Edward Steichen was born in Luxembourg on March 27, 1879. The family settled in Hancock, Michigan, in 1881, where the father worked in a copper mine. Eduard - as he then spelled his name - went to Pio Nono College near Milwaukee in 1888 and showed such talent for drawing that on leaving school he became an apprentice at a Milwaukee lithographing company. In 1895 he bought a camera. Three years later his photographs, which a critic called "ultra expressionistic," were accepted at the Second Philadelphia Salon of Pictorial Photography.
Meanwhile, Steichen had organized the Milwaukee Art Student's League and served as its first president. He decided to study painting in Paris, and on his way there in 1900 he stopped in New York to meet Alfred Stieglitz, who was America's foremost photographer and leader of a movement to gain for photography recognition as a fine art. They became close friends. Steichen was co-founder with Stieglitz of the Photo-Secession, an organization dedicated to photography as a fine art, and its exhibition gallery, called "291." The gallery exhibited photographs and introduced to America paintings, drawings, and sculpture by such modern artists as Paul Cézanne, Henri Matisse, Pablo Picasso, and Constantin Brancusi. Steichen's photographs were widely exhibited; among the most famous were his portraits of J. P. Morgan and Auguste Rodin.
During World War I Steichen was in command of all aerial photography of the American Expeditionary Force; he retired as lieutenant colonel in 1919 and settled in Voulangis, France. He gave up painting and abandoned the soft-focus and heavily retouched style that had won him fame as a photographer. He used the camera directly, emphasizing sharpness and texture. In 1922 he returned to America and a year later opened a commercial studio in New York, specializing in advertising photography. For Vanity Fair and Vogue magazines he produced fashion illustrations and portraits of outstanding personalities. He closed his studio in 1938 to devote his time to plant breeding. When America entered World War II, he was commissioned lieutenant commander and put in command of all Navy combat photography.

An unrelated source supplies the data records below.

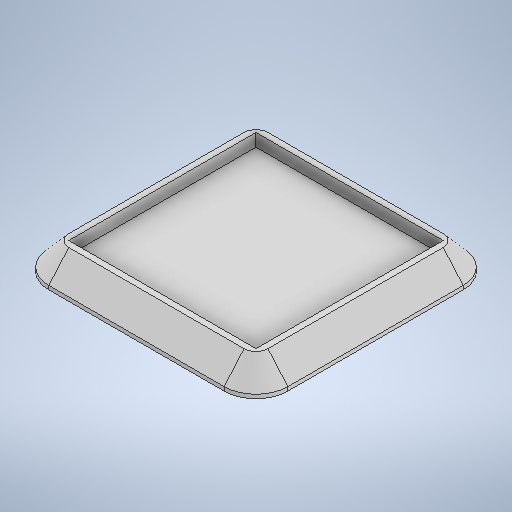
# Autodesk Inventor part: IMU_Base_T-Shirt
Saved by Autodesk Inventor 2025.2 (Build 292293000, 293)
## iProperties
Created: 2024-11-14
Part Number: IMU_Base_T-Shirt
Material: Generic
Document SubType Name: Modeling
Designer: matss
Density: 1 g/cm^3
Appearance: Default
Author: matss
Autodesk Inventor part; units mm, degrees
ref_plane "YZ Plane" through (0, 0, 0) normal (1, 0, 0) x (0, 1, 0)
ref_plane "XZ Plane" through (0, 0, 0) normal (0, 1, 0) x (-1, 0, 0)
ref_plane "XY Plane" through (0, 0, 0) normal (0, 0, 1) x (1, 0, 0)
sketch "Sketch1" plane through (0, 0, 0) normal (0, 1, 0) x (-1, 0, 0)
  line L0 (30, 30) -> (-30, 30)
  line L1 (-30, 30) -> (-30, -30)
  line L2 (-30, -30) -> (30, -30)
  line L3 (30, -30) -> (30, 30)
  point P0 (0, 0)
  point P1 (30, 0)
  point P2 (0, 30)
  dimension "d0" = 60
  dimension "d1" = 60
  constraints: 8 end point, 2 midpoint, 2 parallel, 1 horizontal, 1 horizontal alignment, 1 perpendicular, 1 vertical alignment
  measures "d0" distance of L2.end L0.start
  measures "d1" distance of L0.start L0.end
extrude "Extrusion1" add sketch "Sketch1" along normal blind 0.96
sketch "Sketch2" plane through (0, 0.96, 0) normal (0, 1, 0) x (1, 0, 0)
  line L0 (30, -30) -> (30, 30) projected
  line L1 (30, 30) -> (-30, 30) projected
  line L2 (-30, 30) -> (-30, -30) projected
  line L3 (-30, -30) -> (30, -30) projected
  line L4 (-30, 0) -> (30, 0)
  line L5 (0, -30) -> (0, 30)
  circle A0 centre (-10.5, -10.5) radius 4.25
  circle A1 centre (-10.5, 10.5) radius 4.25
  circle A2 centre (10.5, 10.5) radius 4.25
  circle A3 centre (10.5, -10.5) radius 4.25
  point P0 (0, 0)
  dimension "d13" = 8.5
  dimension "d14" = 21
  dimension "d15" = 21
  constraints: 4 centre point, 4 end point, 4 midpoint, 3 equal radius, 3 other
  measures "d13" diameter of A0
  measures "d14" distance of A3.centre A0.centre
  measures "d15" distance of A1.centre A0.centre
extrude "Extrusion2" add sketch "Sketch2" along normal blind 1.92
sketch "Sketch3" plane through (0, 2.88, 0) normal (0, 1, 0) x (1, 0, 0)
  line L0 (-30, 30) -> (-30, -30) projected
  line L1 (-30, -30) -> (30, -30) projected
  line L2 (30, -30) -> (30, 30) projected
  line L3 (30, 30) -> (-30, 30) projected
  point P0 (0, 0)
extrude "Extrusion3" add sketch "Sketch3" along normal blind 0.64
fillet "Fillet1" radius 8 4 edges at (30, 1.76, 30) (-30, 1.76, 30) (-30, 1.76, -30) (30, 1.76, -30)
ref_plane "Arbeitsebene2" through (27.6569, 3.52, -27.6569) normal (-0.7071068, 0, -0.7071068) x (0, -1, 0)
sketch "Skizze7" plane through (0, 3.52, 0) normal (0, 1, 0) x (1, 0, 0)
  line L0 (-22, -30) -> (22, -30) projected
  arc A0 (22, -30) -> (30, -22) centre (22, -22) ccw projected
  line L1 (30, -22) -> (30, 22) projected
  arc A1 (30, 22) -> (22, 30) centre (22, 22) ccw projected
  line L2 (22, 30) -> (-22, 30) projected
  arc A2 (-22, 30) -> (-30, 22) centre (-22, 22) ccw projected
  line L3 (-30, 22) -> (-30, -22) projected
  arc A3 (-30, -22) -> (-22, -30) centre (-22, -22) ccw projected
  line L4 (22, -30) -> (-22, -30)
  line L5 (-30, -22) -> (-30, 22)
  line L6 (-22, 30) -> (22, 30)
  line L7 (30, 22) -> (30, -22)
  arc A4 (22, -30) -> (30, -22) centre (22, -22) ccw
  arc A5 (-30, -22) -> (-22, -30) centre (-22, -22) ccw
  arc A6 (-22, 30) -> (-30, 22) centre (-22, 22) ccw
  arc A7 (30, 22) -> (22, 30) centre (22, 22) ccw
  point P0 (0, 0)
  constraints: 12 point on circle, 8 end point, 4 centre point, 4 coincident, 3 perpendicular, 1 point on line
extrude "Extrusion4" add sketch "Skizze7" along normal blind 3.2
sketch "Skizze8" plane through (0, 6.72, 0) normal (0, 1, 0) x (1, 0, 0)
  line L0 (23.5, 23.5) -> (-23.5, 23.5)
  line L1 (-23.5, 23.5) -> (-23.5, -23.5)
  line L2 (-23.5, -23.5) -> (23.5, -23.5)
  line L3 (23.5, -23.5) -> (23.5, 23.5)
  line L4 (23.5, 23.5) -> (-23.5, -23.5) construction
  line L5 (-23.5, 23.5) -> (23.5, -23.5) construction
  point P0 (0, 0)
  dimension "d25" = 47
  dimension "d26" = 47
  constraints: 12 end point, 2 midpoint, 2 parallel, 1 horizontal, 1 perpendicular
  measures "d25" distance of L0.end L1.end
  measures "d26" distance of L1.end L2.end
extrude "Extrusion5" cut sketch "Skizze8" against normal blind 3.2
chamfer "Fasen2" distance 5 distance2 5.76 8 edges at (0, 6.72, -30) (-27.6569, 6.72, -27.6569) (-30, 6.72, 0) (-27.6569, 6.72, 27.6569) (0, 6.72, 30) (27.6569, 6.72, 27.6569) (30, 6.72, 0) (27.6569, 6.72, -27.6569) measured on face at (-29.5, 6.72, 0) measured on face at (27.3033, 6.72, 27.3033) measured on face at (-27.3033, 6.72, 27.3033) measured on face at (0, 6.72, 29.5) measured on face at (29.5, 6.72, 0) measured on face at (0, 6.72, -29.5) measured on face at (27.3033, 6.72, -27.3033) measured on face at (-27.3033, 6.72, -27.3033)
body "Solid1"

At the age of 68 Steichen was named director of photography at the Museum of Modern Art in New York. Of the many exhibitions he created, the largest and most famous was "The Family of Man." This exhibition of 503 photographs toured throughout America and overseas. The book of the same title became a best seller. His involvement as a curator helped promote photography to the status of an acknowledged art form. In 1961 Steichen held an exhibition of his own photography at the Museum of Modern Art; a year later he retired to Connecticut. His autobiography, A Life in Photography, appeared in 1963, the same year he was awarded the Medal of Freedom by President John F. Kennedy.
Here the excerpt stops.